Governments make a wealth of data available on their public websites.
Forward thinking governments have take steps to ensure that more and more of this information is available in open formats. But the majority of the data available on government websites – even those with formal open data policies, like Philadelphia – is not open. It is merely “public.”
What is Public Data?
Public data is available for viewing, typically as an HTML page (or series of pages), a PDF document or in some similar format suitable for publishing on the web. It is meant to be consumed by eyeballs, not by computer programs or applications.
It is possible to access public data in a programatic fashion through the use of scraping tools that are available in most programming languages, through services like ScraperWiki or even using something as simple as Google Docs.
However, writing web scrapers – even though the technology options for doing so have advanced tremendously in recent years – is tedious and the notion is unappealing to most data users. In addition, there are a number of reasons why making important data available solely as public data is undesirable.
An Example: Scraping Tax Balance Data
I’ve never met the person that recorded the screencast above, but data on property tax balances in Philadelphia was important enough to them to invest the time to write a data scraper. (This data currently only exists as public data – viewable one record at a time – on the web site of the Philadelphia Department of Revenue.)
The screencast this individual recorded and posted to YouTube serves as a strong indicator that this data should be prioritized for release by the City of Philadelphia as open data. Until it is made available in this way, more people will be forced to obtain this important data by writing scrapers, or through alternate channels.
Property tax data is an ideal example to illustrate the problems of public data in the context of a city that has a formal open data policy. It meets every conceivable definition of the term “high value” data – the fact that external users go out of their way to write data scrapers should be enough to confirm this.
Moreover, there is a strong correlation between tax delinquency and vacant properties, and research is currently underway at Rutgers University’s School of Criminal Justice on the relationship between tax delinquency and the incidence of serious crimes in Philadelphia.

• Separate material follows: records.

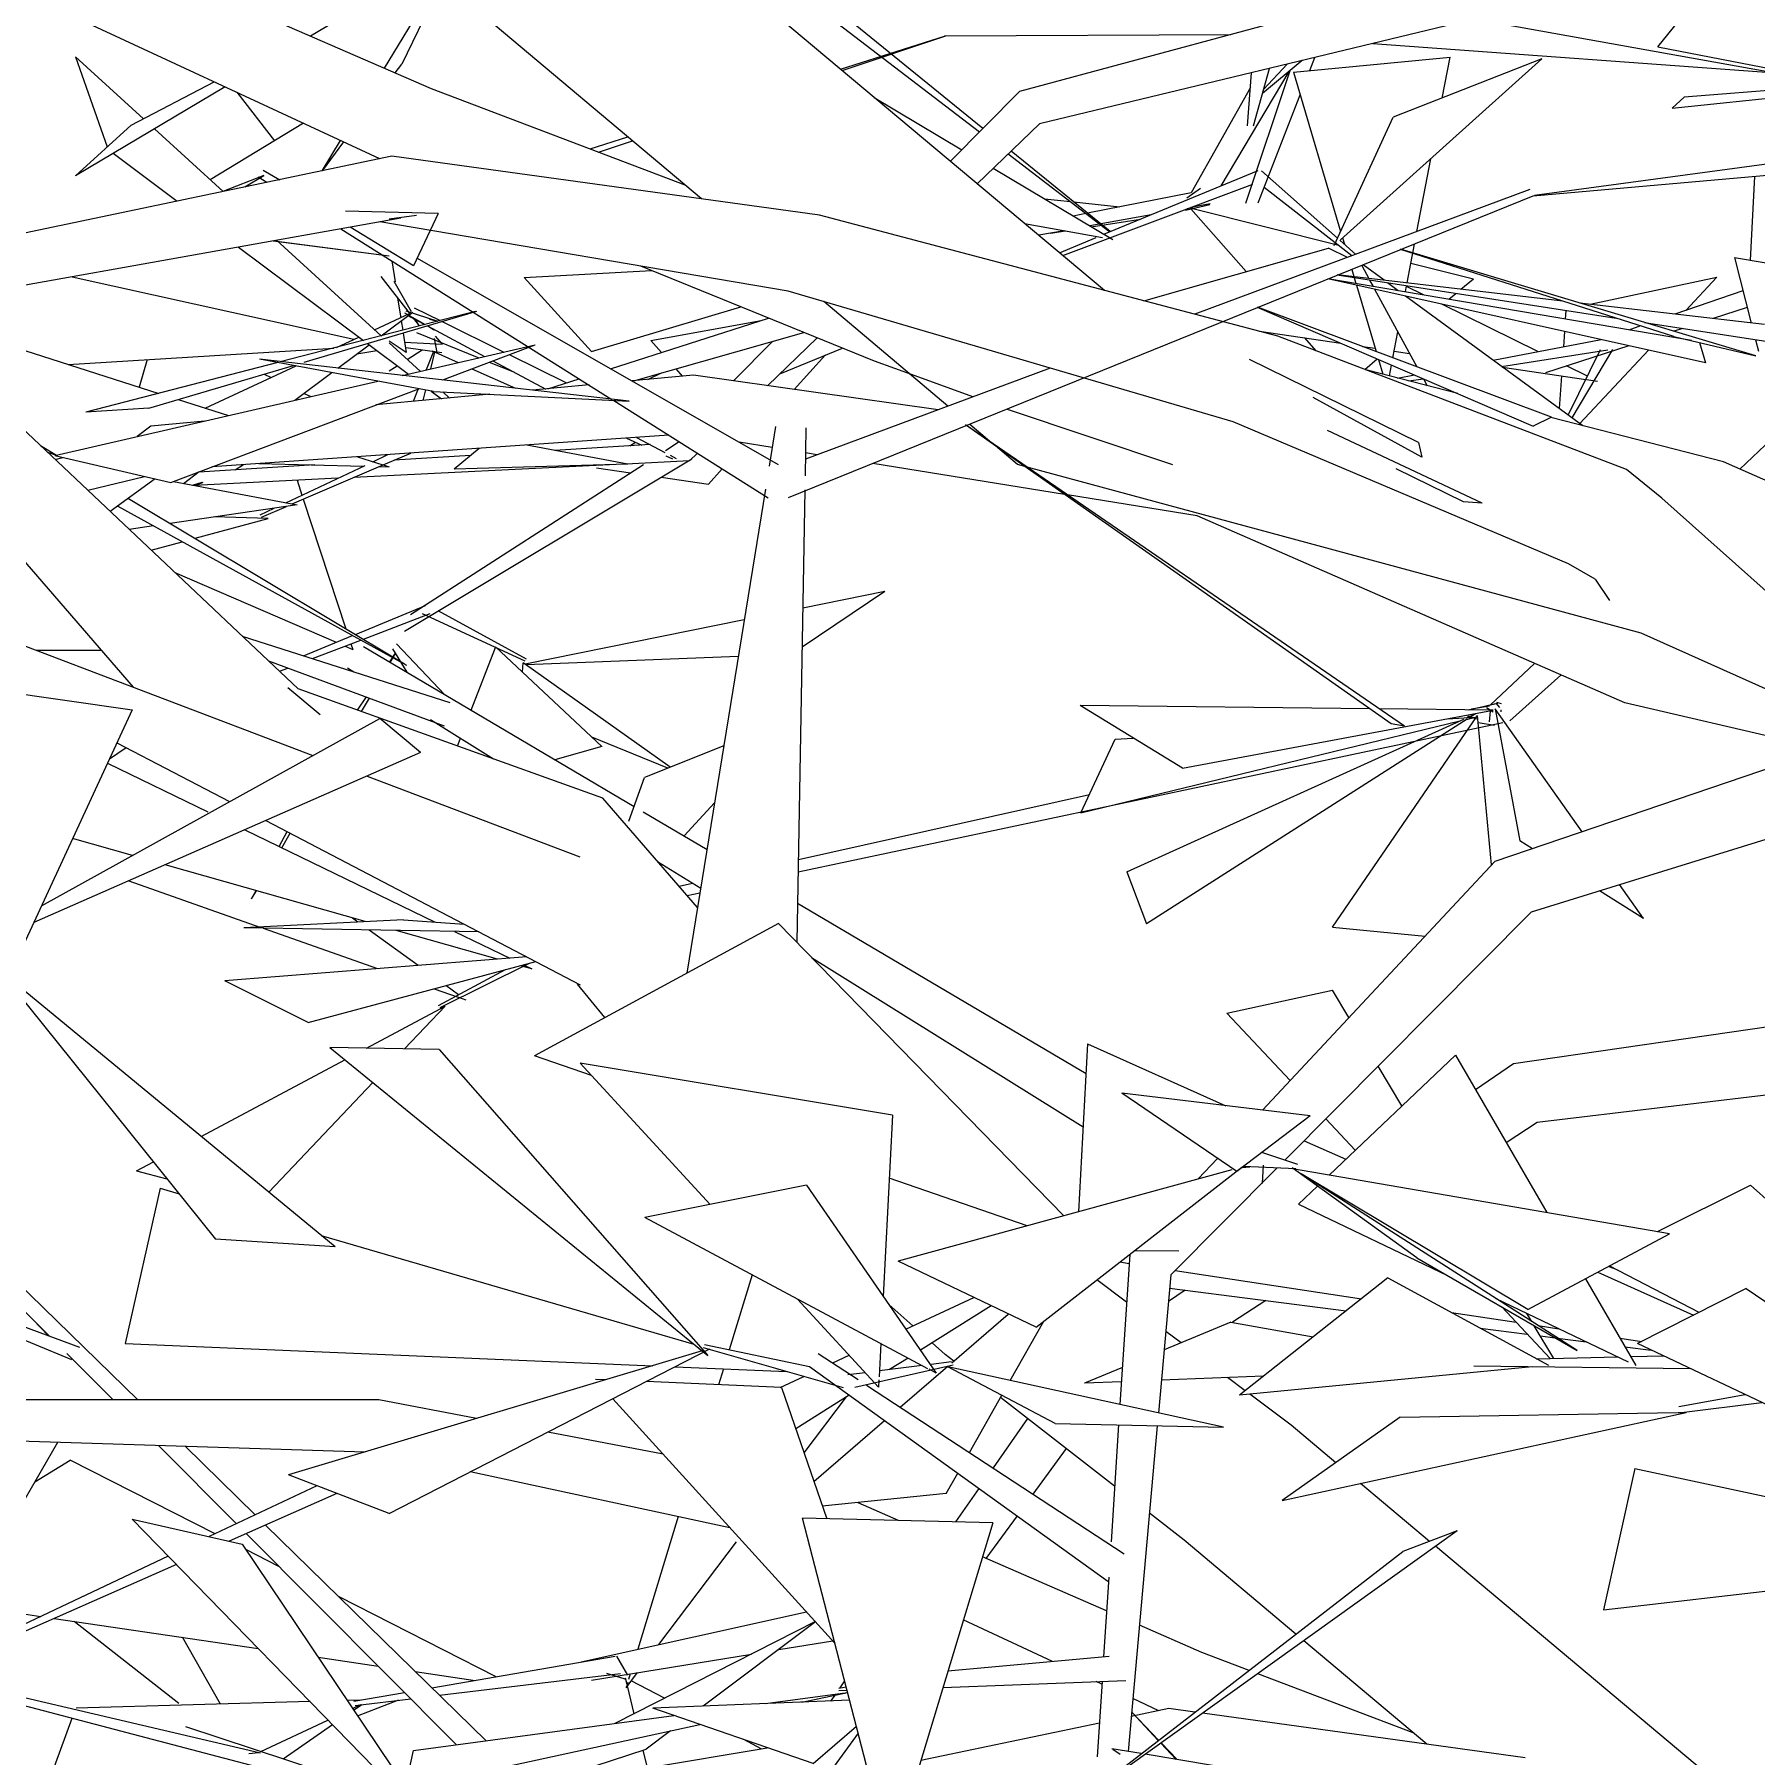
# Model space of a CAD drawing. Header units: millimetres. Extents: x 78096 to 288885, y -20632 to 149556.
# Drawn here: x 249754.8 to 250125.2, y 92259 to 92629.3 of the extents above; entities that cross this region are included whole.
import ezdxf

# ---------------------------------------------------------------- set-up
doc = ezdxf.new("R2010")
doc.units = ezdxf.units.MM
doc.layers.add('G-IMPT', color=8, linetype='Continuous', lineweight=9)
doc.layers.add('L-PLNT', color=71, linetype='Continuous', lineweight=9)

# ---------------------------------------------------------------- blocks, each defined once
blk = doc.blocks.new('ZZ-V - Tree Broadleaf 2 - 3dtree rotund SIMPLU-4826084-TOMH A-A')
at = {"layer": 'G-IMPT'}
for p, q in [((24133.63, 92622.02), (24145.39, 92641.35)), ((24146.02, 92640.82), (24137.33, 92622.93)), ((24218.74, 92641.19), (24261.6, 92608.34)), ((24366.14, 92642.89), (24270.18, 92617.03)), ((24132.78, 92637.89), (24117.71, 92628.94)), ((24262.35, 92609.1), (24226.06, 92638.55)), ((24407.51, 92626.64), (24417.77, 92639.27)), ((24367.91, 92632.55), (24274.53, 92610.1)), ((24454.65, 92617.06), (24367.91, 92632.55)), ((24231.72, 92621.81), (24254.29, 92628.99)), ((24232.06, 92621.52), (24254.36, 92628.99)), ((24254.11, 92628.99), (24315.68, 92629.29)), ((24346.22, 92627.34), (24436.75, 92620.74)), ((24407.51, 92626.64), (24490.63, 92610.5)), ((24067.15, 92624.49), (24074, 92605.13)), ((24067.15, 92624.49), (24081.77, 92611.16)), ((24135.92, 92621.02), (24137.33, 92622.93)), ((24331.04, 92623.69), (24322.5, 92616.59)), ((24327.77, 92622.9), (24322.73, 92617.44)), ((24329.17, 92621.21), (24362.81, 92624.44)), ((24332.65, 92621.55), (24333.73, 92624.33)), ((24382.57, 92624.06), (24339.27, 92585.15)), ((24382.57, 92624.06), (24350.62, 92611.47)), ((24361.14, 92615.61), (24362.81, 92624.44)), ((24079.13, 92609.77), (24096.96, 92619.12)), ((24328.17, 92621.3), (24313.55, 92596.74)), ((24318.91, 92593), (24328.42, 92621.51)), ((24319.25, 92609.67), (24320.11, 92621.06)), ((24320.55, 92609.61), (24324.01, 92622)), ((24329.17, 92621.21), (24339.29, 92586.91)), ((24446.91, 92618.45), (24413.18, 92615.78)), ((24099.33, 92618.03), (24067.15, 92598.92)), ((24101.84, 92616.86), (24109.99, 92606.43)), ((24238.96, 92615.74), (24257.82, 92604.51)), ((24270.18, 92617.03), (24255.35, 92602.01)), ((24319.87, 92617.86), (24307.11, 92595.23)), ((24321.53, 92593.06), (24330.61, 92616.33)), ((24410.56, 92613.46), (24451.16, 92617.69)), ((24410.56, 92613.46), (24413.18, 92615.78)), ((24337.92, 92583.93), (24350.62, 92611.47)), ((24079.13, 92609.77), (24067.15, 92598.92)), ((24084.13, 92609), (24098.9, 92595.53)), ((24116.21, 92610.19), (24096.13, 92598.06)), ((24177.83, 92604.66), (24185.97, 92607.24)), ((24274.53, 92610.1), (24261.11, 92597.18)), ((24075.26, 92603.74), (24089.02, 92593.45)), ((24120.21, 92599.97), (24124.18, 92606.5)), ((24120.3, 92599.99), (24124.89, 92606.17)), ((24179.63, 92603.97), (24186.95, 92606.42)), ((24267.78, 92603.6), (24289.64, 92586.85)), ((24289.72, 92586.88), (24268.39, 92604.19)), ((24107.54, 92600.09), (24111.09, 92598.06)), ((24264.56, 92600.5), (24290.27, 92585.18)), ((24288.36, 92586.32), (24321.54, 92600.04)), ((24338.63, 92585.47), (24322.25, 92599.99)), ((24355.69, 92586.89), (24358.66, 92602.57)), ((24440.85, 92599.81), (24380.68, 92594.54)), ((24445.65, 92603.39), (24381.02, 92594.66)), ((24107.67, 92598.99), (24098.83, 92595.5)), ((24103.57, 92596.49), (24107.68, 92598.95)), ((24106.47, 92598.67), (24108.34, 92597.49)), ((24279.56, 92581.72), (24320.37, 92597.11)), ((24306.19, 92594.16), (24309.12, 92596.24)), ((24341.68, 92581.68), (24322.83, 92596.39)), ((24428.29, 92598.71), (24427.35, 92580.73)), ((24380.66, 92594.49), (24220.48, 92529.64)), ((24275.58, 92593.93), (24281.18, 92593.34)), ((24281.86, 92593.26), (24291.77, 92592.21)), ((24307.11, 92595.23), (24284.84, 92590.84)), ((24305.94, 92591.52), (24311.18, 92592.73)), ((24311.25, 92592.86), (24307.08, 92592.1)), ((24380.01, 92595.94), (24307.92, 92569.13)), ((24145.17, 92590.8), (24125.27, 92591.32)), ((24145.17, 92590.8), (24139.86, 92579.51)), ((24284.51, 92590.78), (24281.77, 92590.24)), ((24298.54, 92590.53), (24285.35, 92588.11)), ((24285.66, 92587.93), (24296.27, 92589.59)), ((24307.56, 92592.03), (24306.26, 92591.76)), ((24318.96, 92578.29), (24307.05, 92591.77)), ((24307.5, 92591.88), (24338.61, 92584.08)), ((24110.4, 92585.03), (24132.92, 92564.48)), ((24124.22, 92587.5), (24182.54, 92550.81)), ((24139.86, 92579.51), (24126.23, 92587.86)), ((24271.28, 92588.66), (24288.04, 92585.59)), ((24279.82, 92587.09), (24274.35, 92586.09)), ((24276.93, 92586.56), (24280.06, 92587.05)), ((24278.79, 92582.36), (24286.69, 92585.63)), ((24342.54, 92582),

This is data that people want so that they may better understand how their city works, and may explore ways that they can make it work better.
High value data that is only made available as public data presents a number of problems for both data users, and for governments that produce such data.
Forcing people to employ web scrapers places an unneeded barrier in front of what should be open data. Furthermore, it limits the number of users that can access such data – not all data users are technically sophisticated enough to create and use web scrapers. Even for those who are, writing scrapers is almost never desirable – it’s tedious, can be very time consuming and most scrapers are brittle pieces of technology that get thrown away once the desired data is obtained.
For governments, the problems created by web scraping can be significant. Scrapers can place an unnecessary burden on IT infrastructure – disrupting normal operations and causing problems for more mainstream data users (those that may want to view data one record at a time). When inelegantly designed scrapers send non-trivial amounts of web traffic to a government site, it can create problems that IT staff must identify and troubleshoot. This wastes value staff time on problems that are easily avoided.
In addition, by failing to make data available in more easily consumable formats governments might be missing opportunities to use such data to improve their own operations. What if every interaction with city government by a taxpayer (a citizen or a business – residents & nonresidents alike) could include an API call to check for outstanding property taxes?
Open data can make such an operational improvement a reality – by making data more accessible and more usable for the public, governments also make data more usable by their own operating units.
But the strongest criticisms of public data derive from the principles that guide most open data policies – including the City of Philadelphia’s policy.
…agencies shall publish information on line (in addition to other planned or mandated publication methods), and in an open format. The open format will provide data in a form that can be retrieved, downloaded, indexed, searched and reused by commonly used web search applications and software.
Making valuable data “public” but not “open” is a departure from the principles outlined in most open data policies. Some more cynical observers have suggested that it is a way for government officials to lay claim to the ideals of open data while ensuring that information remains difficult to use for serious analysis. This may be why the vast majority of campaign finance and lobbying information published by governments is made available in PDF format only.
Any government that has a formal open data policy should target and prioritize data that is being scraped for release as open data. In the absence of such a prioritization, we may struggle to meet our objectives for openness and government transparency, we may miss real opportunities to improve government operations and we are likely creating avoidable problems for our IT staff and technology infrastructure.
Clean, well documented, public APIs accompanied by static data downloads should be the standard we strive for with public data releases of high value data.
[Note – In December, 2015 (almost 2 years after I wrote this post and began working inside the City of Philadelphia to release property tax balance data) the city released this data as open data.]